═════ Dataset excerpts ═════

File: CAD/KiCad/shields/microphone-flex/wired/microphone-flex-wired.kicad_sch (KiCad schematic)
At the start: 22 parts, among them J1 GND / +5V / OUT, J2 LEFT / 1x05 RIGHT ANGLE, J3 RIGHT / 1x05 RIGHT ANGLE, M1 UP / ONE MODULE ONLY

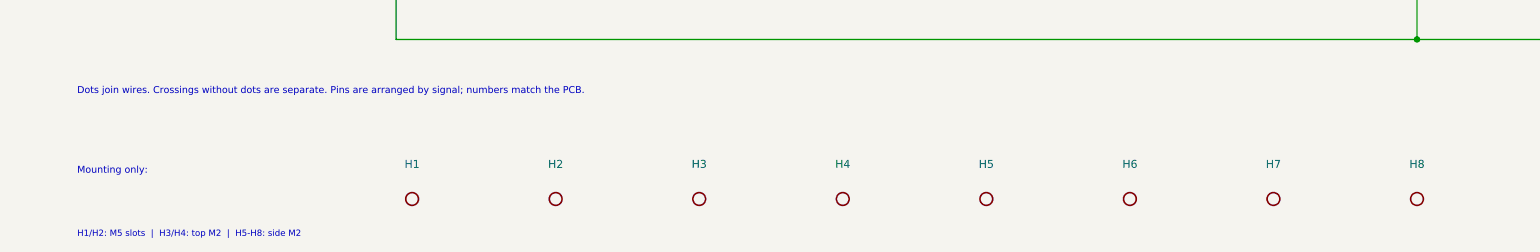
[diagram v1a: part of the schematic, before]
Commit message: Reroute microphone flex around the approved component placement
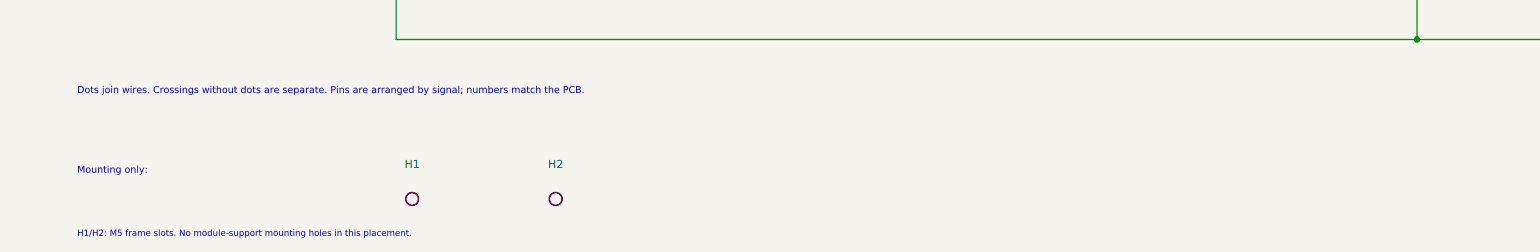
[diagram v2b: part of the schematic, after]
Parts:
- removed H3: M2 MODULE / INSULATING SPACER, Shields:Flex_M2_Top, symbol Colloquy:H3
- removed H4: M2 MODULE / INSULATING SPACER, Shields:Flex_M2_Top, symbol Colloquy:H4
- removed H5: M2 SIDE SUPPORT BASE, Shields:Flex_M2_Base, symbol Colloquy:H5
- removed H6: M2 SIDE SUPPORT BASE, Shields:Flex_M2_Base, symbol Colloquy:H6
- removed H7: M2 SIDE SUPPORT BASE, Shields:Flex_M2_Base, symbol Colloquy:H7
- removed H8: M2 SIDE SUPPORT BASE, Shields:Flex_M2_Base, symbol Colloquy:H8
- J2: footprint Shields:Flex_Socket_Side -> Shields:Flex_Socket_Left_Overhang
- J3: footprint Shields:Flex_Socket_Side -> Shields:Flex_Socket_Right_Overhang
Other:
- note added: "H1/H2: M5 frame slots. No module-support mounting holes in this placement."
- note removed: "H1/H2: M5 slots | H3/H4: top M2 | H5-H8: side M2"
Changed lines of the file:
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@@
 (symbol (lib_id "Colloquy:M1") (at 182.88 68.58 0) (unit 1) (in_bom yes) (on_board yes)(property "Reference" "M1" (at 182.8800 55.4200 0) (effects (font (size 1.27 1.27))  ))(property "Value" "UP / ONE MODULE ONLY" (at 182.8800 68.5800 0) (effects (font (size 1.27 1.27))  (hide yes)))(property "Footprint" "Shields:Flex_Socket_Up" (at 182.8800 68.5800 0) (effects (font (size 1.27 1.27))  (hide yes)))(instances (project "microphone-flex-wired" (path "/cd62561b-1660-5a82-97f3-9afdea717d34" (reference "M1") (unit 1)))))
 (text "UP / vertical" (at 157.48 60.96 0) (effects (font (size 1.27 1.27) ) (justify left top)))
-(symbol (lib_id "Colloquy:J2") (at 261.62 68.58 0) (unit 1) (in_bom yes) (on_board yes)(property "Reference" "J2" (at 261.6200 55.4200 0) (effects (font (size 1.27 1.27))  ))(property "Value" "LEFT / 1x05 RIGHT ANGLE" (at 261.6200 68.5800 0) (effects (font (size 1.27 1.27))  (hide yes)))(property "Footprint" "Shields:Flex_Socket_Side" (at 261.6200 68.5800 0) (effects (font (size 1.27 1.27))  (hide yes)))(instances (project "microphone-flex-wired" (path "/cd62561b-1660-5a82-97f3-9afdea717d34" (reference "J2") (unit 1)))))
+(symbol (lib_id "Colloquy:J2") (at 261.62 68.58 0) (unit 1) (in_bom yes) (on_board yes)(property "Reference" "J2" (at 261.6200 55.4200 0) (effects (font (size 1.27 1.27))  ))(property "Value" "LEFT / 1x05 RIGHT ANGLE" (at 261.6200 68.5800 0) (effects (font (size 1.27 1.27))  (hide yes)))(property "Footprint" "Shields:Flex_Socket_Left_Overhang" (at 261.6200 68.5800 0) (effects (font (size 1.27 1.27))  (hide yes)))(instances (project "microphone-flex-wired" (path "/cd62561b-1660-5a82-97f3-9afdea717d34" (reference "J2") (unit 1)))))
 (text "LEFT / right angle" (at 236.22 60.96 0) (effects (font (size 1.27 1.27) ) (justify left top)))
-(symbol (lib_id "Colloquy:J3") (at 340.36 68.58 0) (unit 1) (in_bom yes) (on_board yes)(property "Reference" "J3" (at 340.3600 55.4200 0) (effects (font (size 1.27 1.27))  ))(property "Value" "RIGHT / 1x05 RIGHT ANGLE" (at 340.3600 68.5800 0) (effects (font (size 1.27 1.27))  (hide yes)))(property "Footprint" "Shields:Flex_Socket_Side" (at 340.3600 68.5800 0) (effects (font (size 1.27 1.27))  (hide yes)))(instances (project "microphone-flex-wired" (path "/cd62561b-1660-5a82-97f3-9afdea717d34" (reference "J3") (unit 1)))))
+(symbol (lib_id "Colloquy:J3") (at 340.36 68.58 0) (unit 1) (in_bom yes) (on_board yes)(property "Reference" "J3" (at 340.3600 55.4200 0) (effects (font (size 1.27 1.27))  ))(property "Value" "RIGHT / 1x05 RIGHT ANGLE" (at 340.3600 68.5800 0) (effects (font (size 1.27 1.27))  (hide yes)))(property "Footprint" "Shields:Flex_Socket_Right_Overhang" (at 340.3600 68.5800 0) (effects (font (size 1.27 1.27))  (hide yes)))(instances (project "microphone-flex-wired" (path "/cd62561b-1660-5a82-97f3-9afdea717d34" (reference "J3") (unit 1)))))
 (text "RIGHT / right angle" (at 314.96 60.96 0) (effects (font (size 1.27 1.27) ) (justify left top)))
 (symbol (lib_id "Colloquy:J1") (at 30.48 142.24 0) (unit 1) (in_bom yes) (on_board yes)(property "Reference" "J1" (at 30.4800 88.4400 0) (effects (font (size 1.27 1.27))  ))(property "Value" "GND / +5V / OUT" (at 30.4800 142.2400 0) (effects (font (size 1.27 1.27))  (hide yes)))(property "Footprint" "Shields:JST_EH_B3B-EH-A_1x03_P2.50mm_Vertical" (at 30.4800 142.2400 0) (effects (font (size 1.27 1.27))  (hide yes)))(instances (project "microphone-flex-wired" (path "/cd62561b-1660-5a82-97f3-9afdea717d34" (reference "J1") (unit 1)))))
@@
 (symbol (lib_id "Colloquy:H1") (at 73.66 274.32 0) (unit 1) (in_bom no) (on_board yes)(property "Reference" "H1" (at 73.6600 268.7800 0) (effects (font (size 1.27 1.27))  ))(property "Value" "M5 SLOT 12x5.5 / TRANSVERSE" (at 73.6600 274.3200 0) (effects (font (size 1.27 1.27))  (hide yes)))(property "Footprint" "Shields:Flex_M5_Slot12x5.5_Keepout" (at 73.6600 274.3200 0) (effects (font (size 1.27 1.27))  (hide yes)))(instances (project "microphone-flex-wired" (path "/cd62561b-1660-5a82-97f3-9afdea717d34" (reference "H1") (unit 1)))))
 (symbol (lib_id "Colloquy:H2") (at 96.52 274.32 0) (unit 1) (in_bom no) (on_board yes)(property "Reference" "H2" (at 96.5200 268.7800 0) (effects (font (size 1.27 1.27))  ))(property "Value" "M5 SLOT 12x5.5 / TRANSVERSE" (at 96.5200 274.3200 0) (effects (font (size 1.27 1.27))  (hide yes)))(property "Footprint" "Shields:Flex_M5_Slot12x5.5_Keepout" (at 96.5200 274.3200 0) (effects (font (size 1.27 1.27))  (hide yes)))(instances (project "microphone-flex-wired" (path "/cd62561b-1660-5a82-97f3-9afdea717d34" (reference "H2") (unit 1)))))
-(symbol (lib_id "Colloquy:H3") (at 119.38 274.32 0) (unit 1) (in_bom no) (on_board yes)(property "Reference" "H3" (at 119.3800 268.7800 0) (effects (font (size 1.27 1.27))  ))(property "Value" "M2 MODULE / INSULATING SPACER" (at 119.3800 274.3200 0) (effects (font (size 1.27 1.27))  (hide yes)))(property "Footprint" "Shields:Flex_M2_Top" (at 119.3800 274.3200 0) (effects (font (size 1.27 1.27))  (hide yes)))(instances (project "microphone-flex-wired" (path "/cd62561b-1660-5a82-97f3-9afdea717d34" (reference "H3") (unit 1)))))
-(symbol (lib_id "Colloquy:H4") (at 142.24 274.32 0) (unit 1) (in_bom no) (on_board yes)(property "Reference" "H4" (at 142.2400 268.7800 0) (effects (font (size 1.27 1.27))  ))(property "Value" "M2 MODULE / INSULATING SPACER" (at 142.2400 274.3200 0) (effects (font (size 1.27 1.27))  (hide yes)))(property "Footprint" "Shields:Flex_M2_Top" (at 142.2400 274.3200 0) (effects (font (size 1.27 1.27))  (hide yes)))(instances (project "microphone-flex-wired" (path "/cd62561b-1660-5a82-97f3-9afdea717d34" (reference "H4") (unit 1)))))
-(symbol (lib_id "Colloquy:H5") (at 165.1 274.32 0) (unit 1) (in_bom no) (on_board yes)(property "Reference" "H5" (at 165.1000 268.7800 0) (effects (font (size 1.27 1.27))  ))(property "Value" "M2 SIDE SUPPORT BASE" (at 165.1000 274.3200 0) (effects (font (size 1.27 1.27))  (hide yes)))(property "Footprint" "Shields:Flex_M2_Base" (at 165.1000 274.3200 0) (effects (font (size 1.27 1.27))  (hide yes)))(instances (project "microphone-flex-wired" (path "/cd62561b-1660-5a82-97f3-9afdea717d34" (reference "H5") (unit 1)))))
-(symbol (lib_id "Colloquy:H6") (at 187.96 274.32 0) (unit 1) (in_bom no) (on_board yes)(property "Reference" "H6" (at 187.9600 268.7800 0) (effects (font (size 1.27 1.27))  ))(property "Value" "M2 SIDE SUPPORT BASE" (at 187.9600 274.3200 0) (effects (font (size 1.27 1.27))  (hide yes)))(property "Footprint" "Shields:Flex_M2_Base" (at 187.9600 274.3200 0) (effects (font (size 1.27 1.27))  (hide yes)))(instances (project "microphone-flex-wired" (path "/cd62561b-1660-5a82-97f3-9afdea717d34" (reference "H6") (unit 1)))))
-(symbol (lib_id "Colloquy:H7") (at 210.82 274.32 0) (unit 1) (in_bom no) (on_board yes)(property "Reference" "H7" (at 210.8200 268.7800 0) (effects (font (size 1.27 1.27))  ))(property "Value" "M2 SIDE SUPPORT BASE" (at 210.8200 274.3200 0) (effects (font (size 1.27 1.27))  (hide yes)))(property "Footprint" "Shields:Flex_M2_Base" (at 210.8200 274.3200 0) (effects (font (size 1.27 1.27))  (hide yes)))(instances (project "microphone-flex-wired" (path "/cd62561b-1660-5a82-97f3-9afdea717d34" (reference "H7") (unit 1)))))
-(symbol (lib_id "Colloquy:H8") (at 233.68 274.32 0) (unit 1) (in_bom no) (on_board yes)(property "Reference" "H8" (at 233.6800 268.7800 0) (effects (font (size 1.27 1.27))  ))(property "Value" "M2 SIDE SUPPORT BASE" (at 233.6800 274.3200 0) (effects (font (size 1.27 1.27))  (hide yes)))(property "Footprint" "Shields:Flex_M2_Base" (at 233.6800 274.3200 0) (effects (font (size 1.27 1.27))  (hide yes)))(instances (project "microphone-flex-wired" (path "/cd62561b-1660-5a82-97f3-9afdea717d34" (reference "H8") (unit 1)))))
-(text "H1/H2: M5 slots  |  H3/H4: top M2  |  H5-H8: side M2" (at 20.32 279.4 0) (effects (font (size 1.0 1.0) ) (justify left top)))
+(text "H1/H2: M5 frame slots. No module-support mounting holes in this placement." (at 20.32 279.4 0) (effects (font (size 1.0 1.0) ) (justify left top)))
 (wire (pts (xy 55.8800 101.6000) (xy 66.0400 101.6000)) (stroke (width 0) (type default)))
 (wire (pts (xy 55.8800 162.5600) (xy 83.8200 162.5600)) (stroke (width 0) (type default)))

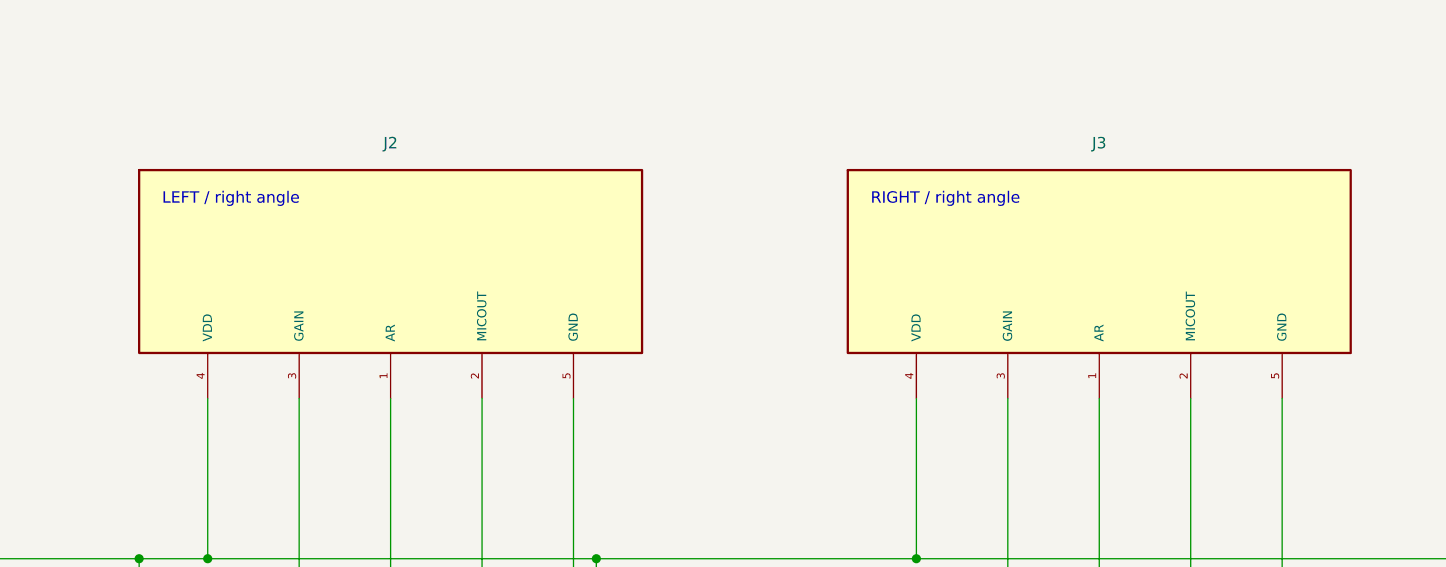
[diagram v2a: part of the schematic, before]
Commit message: Flip side microphones below the carrier and reverse their pin mapping
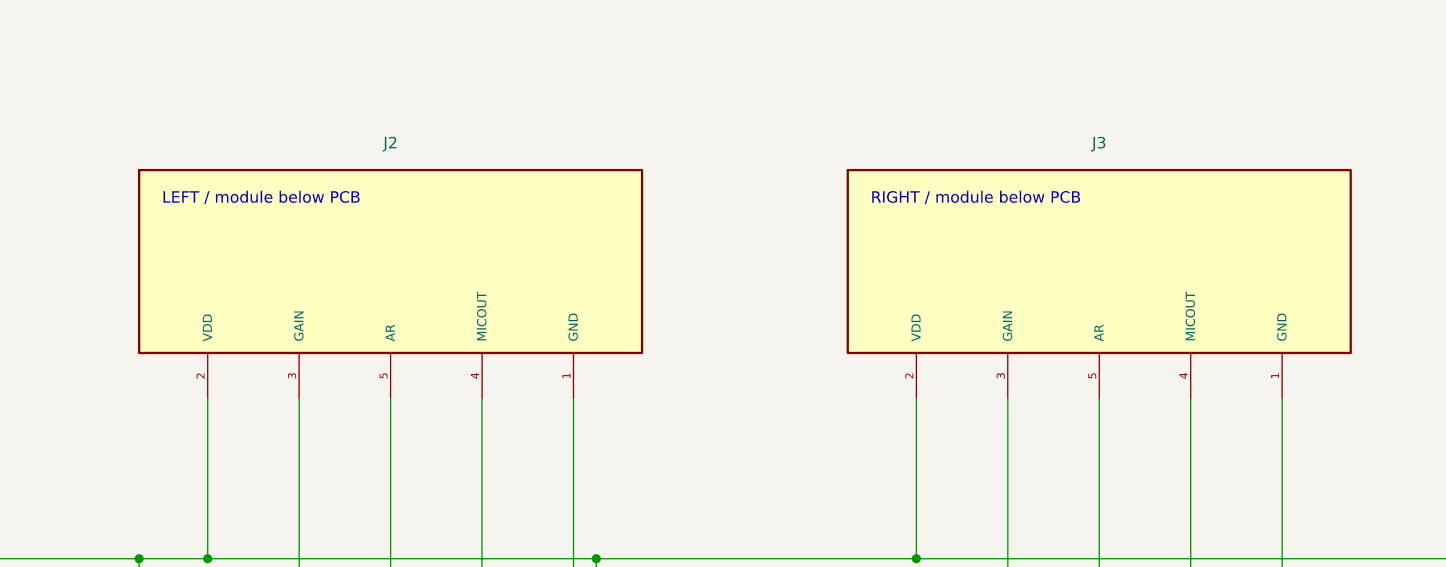
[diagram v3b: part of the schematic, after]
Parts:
- J2: value LEFT / 1x05 RIGHT ANGLE -> LEFT / DOWNWARD MODULE
- J3: value RIGHT / 1x05 RIGHT ANGLE -> RIGHT / DOWNWARD MODULE
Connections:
- net at C6.1, C7.1, JP1.3 (VDD)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: now also J2.2 (VDD), J3.2 (VDD); no longer J2.4 (VDD), J3.4 (VDD)
- net at C6.2, C7.2, D1.1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: now also J2.1 (GND), J3.1 (GND); no longer J2.5 (GND), J3.5 (GND)
- net at M1.4 (Out), R5.1, TP1.1: now also J2.4 (MICOUT), J3.4 (MICOUT); no longer J2.2 (MICOUT), J3.2 (MICOUT)
- net at JP2.2 (AR), M1.5 (AR): now also J2.5 (AR), J3.5 (AR); no longer J2.1 (AR), J3.1 (AR)
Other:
- note added: "LEFT / module below PCB"
- note added: "RIGHT / module below PCB"
- note removed: "LEFT / right angle"
- note removed: "RIGHT / right angle"
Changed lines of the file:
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@@
 (symbol (lib_id "Colloquy:M1") (at 182.88 68.58 0) (unit 1) (in_bom yes) (on_board yes)(property "Reference" "M1" (at 182.8800 55.4200 0) (effects (font (size 1.27 1.27))  ))(property "Value" "UP / ONE MODULE ONLY" (at 182.8800 68.5800 0) (effects (font (size 1.27 1.27))  (hide yes)))(property "Footprint" "Shields:Flex_Socket_Up" (at 182.8800 68.5800 0) (effects (font (size 1.27 1.27))  (hide yes)))(instances (project "microphone-flex-wired" (path "/cd62561b-1660-5a82-97f3-9afdea717d34" (reference "M1") (unit 1)))))
 (text "UP / vertical" (at 157.48 60.96 0) (effects (font (size 1.27 1.27) ) (justify left top)))
-(symbol (lib_id "Colloquy:J2") (at 261.62 68.58 0) (unit 1) (in_bom yes) (on_board yes)(property "Reference" "J2" (at 261.6200 55.4200 0) (effects (font (size 1.27 1.27))  ))(property "Value" "LEFT / 1x05 RIGHT ANGLE" (at 261.6200 68.5800 0) (effects (font (size 1.27 1.27))  (hide yes)))(property "Footprint" "Shields:Flex_Socket_Left_Overhang" (at 261.6200 68.5800 0) (effects (font (size 1.27 1.27))  (hide yes)))(instances (project "microphone-flex-wired" (path "/cd62561b-1660-5a82-97f3-9afdea717d34" (reference "J2") (unit 1)))))
-(text "LEFT / right angle" (at 236.22 60.96 0) (effects (font (size 1.27 1.27) ) (justify left top)))
-(symbol (lib_id "Colloquy:J3") (at 340.36 68.58 0) (unit 1) (in_bom yes) (on_board yes)(property "Reference" "J3" (at 340.3600 55.4200 0) (effects (font (size 1.27 1.27))  ))(property "Value" "RIGHT / 1x05 RIGHT ANGLE" (at 340.3600 68.5800 0) (effects (font (size 1.27 1.27))  (hide yes)))(property "Footprint" "Shields:Flex_Socket_Right_Overhang" (at 340.3600 68.5800 0) (effects (font (size 1.27 1.27))  (hide yes)))(instances (project "microphone-flex-wired" (path "/cd62561b-1660-5a82-97f3-9afdea717d34" (reference "J3") (unit 1)))))
-(text "RIGHT / right angle" (at 314.96 60.96 0) (effects (font (size 1.27 1.27) ) (justify left top)))
+(symbol (lib_id "Colloquy:J2") (at 261.62 68.58 0) (unit 1) (in_bom yes) (on_board yes)(property "Reference" "J2" (at 261.6200 55.4200 0) (effects (font (size 1.27 1.27))  ))(property "Value" "LEFT / DOWNWARD MODULE" (at 261.6200 68.5800 0) (effects (font (size 1.27 1.27))  (hide yes)))(property "Footprint" "Shields:Flex_Socket_Left_Overhang" (at 261.6200 68.5800 0) (effects (font (size 1.27 1.27))  (hide yes)))(instances (project "microphone-flex-wired" (path "/cd62561b-1660-5a82-97f3-9afdea717d34" (reference "J2") (unit 1)))))
+(text "LEFT / module below PCB" (at 236.22 60.96 0) (effects (font (size 1.27 1.27) ) (justify left top)))
+(symbol (lib_id "Colloquy:J3") (at 340.36 68.58 0) (unit 1) (in_bom yes) (on_board yes)(property "Reference" "J3" (at 340.3600 55.4200 0) (effects (font (size 1.27 1.27))  ))(property "Value" "RIGHT / DOWNWARD MODULE" (at 340.3600 68.5800 0) (effects (font (size 1.27 1.27))  (hide yes)))(property "Footprint" "Shields:Flex_Socket_Right_Overhang" (at 340.3600 68.5800 0) (effects (font (size 1.27 1.27))  (hide yes)))(instances (project "microphone-flex-wired" (path "/cd62561b-1660-5a82-97f3-9afdea717d34" (reference "J3") (unit 1)))))
+(text "RIGHT / module below PCB" (at 314.96 60.96 0) (effects (font (size 1.27 1.27) ) (justify left top)))
 (symbol (lib_id "Colloquy:J1") (at 30.48 142.24 0) (unit 1) (in_bom yes) (on_board yes)(property "Reference" "J1" (at 30.4800 88.4400 0) (effects (font (size 1.27 1.27))  ))(property "Value" "GND / +5V / OUT" (at 30.4800 142.2400 0) (effects (font (size 1.27 1.27))  (hide yes)))(property "Footprint" "Shields:JST_EH_B3B-EH-A_1x03_P2.50mm_Vertical" (at 30.4800 142.2400 0) (effects (font (size 1.27 1.27))  (hide yes)))(instances (project "microphone-flex-wired" (path "/cd62561b-1660-5a82-97f3-9afdea717d34" (reference "J1") (unit 1)))))
 (symbol (lib_id "Colloquy:R4") (at 88.9 101.6 0) (unit 1) (in_bom yes) (on_board yes)(property "Reference" "R4" (at 88.9000 97.5840 0) (effects (font (size 1.27 1.27))  ))(property "Value" "33R" (at 88.9000 101.6000 0) (effects (font (size 1.27 1.27))  (hide yes)))(property "Footprint" "Shields:R_0603_1608Metric" (at 88.9000 101.6000 0) (effects (font (size 1.27 1.27))  (hide yes)))(instances (project "microphone-flex-wired" (path "/cd62561b-1660-5a82-97f3-9afdea717d34" (reference "R4") (unit 1)))))

═════

Task directions: For this exercise, output exactly the lines above from the line with "(at 119.38 274.32" to the line with "(at 187.96 274.32", counting both, and leave out the rest.

Answer below:
-(symbol (lib_id "Colloquy:H3") (at 119.38 274.32 0) (unit 1) (in_bom no) (on_board yes)(property "Reference" "H3" (at 119.3800 268.7800 0) (effects (font (size 1.27 1.27))  ))(property "Value" "M2 MODULE / INSULATING SPACER" (at 119.3800 274.3200 0) (effects (font (size 1.27 1.27))  (hide yes)))(property "Footprint" "Shields:Flex_M2_Top" (at 119.3800 274.3200 0) (effects (font (size 1.27 1.27))  (hide yes)))(instances (project "microphone-flex-wired" (path "/cd62561b-1660-5a82-97f3-9afdea717d34" (reference "H3") (unit 1)))))
-(symbol (lib_id "Colloquy:H4") (at 142.24 274.32 0) (unit 1) (in_bom no) (on_board yes)(property "Reference" "H4" (at 142.2400 268.7800 0) (effects (font (size 1.27 1.27))  ))(property "Value" "M2 MODULE / INSULATING SPACER" (at 142.2400 274.3200 0) (effects (font (size 1.27 1.27))  (hide yes)))(property "Footprint" "Shields:Flex_M2_Top" (at 142.2400 274.3200 0) (effects (font (size 1.27 1.27))  (hide yes)))(instances (project "microphone-flex-wired" (path "/cd62561b-1660-5a82-97f3-9afdea717d34" (reference "H4") (unit 1)))))
-(symbol (lib_id "Colloquy:H5") (at 165.1 274.32 0) (unit 1) (in_bom no) (on_board yes)(property "Reference" "H5" (at 165.1000 268.7800 0) (effects (font (size 1.27 1.27))  ))(property "Value" "M2 SIDE SUPPORT BASE" (at 165.1000 274.3200 0) (effects (font (size 1.27 1.27))  (hide yes)))(property "Footprint" "Shields:Flex_M2_Base" (at 165.1000 274.3200 0) (effects (font (size 1.27 1.27))  (hide yes)))(instances (project "microphone-flex-wired" (path "/cd62561b-1660-5a82-97f3-9afdea717d34" (reference "H5") (unit 1)))))
-(symbol (lib_id "Colloquy:H6") (at 187.96 274.32 0) (unit 1) (in_bom no) (on_board yes)(property "Reference" "H6" (at 187.9600 268.7800 0) (effects (font (size 1.27 1.27))  ))(property "Value" "M2 SIDE SUPPORT BASE" (at 187.9600 274.3200 0) (effects (font (size 1.27 1.27))  (hide yes)))(property "Footprint" "Shields:Flex_M2_Base" (at 187.9600 274.3200 0) (effects (font (size 1.27 1.27))  (hide yes)))(instances (project "microphone-flex-wired" (path "/cd62561b-1660-5a82-97f3-9afdea717d34" (reference "H6") (unit 1)))))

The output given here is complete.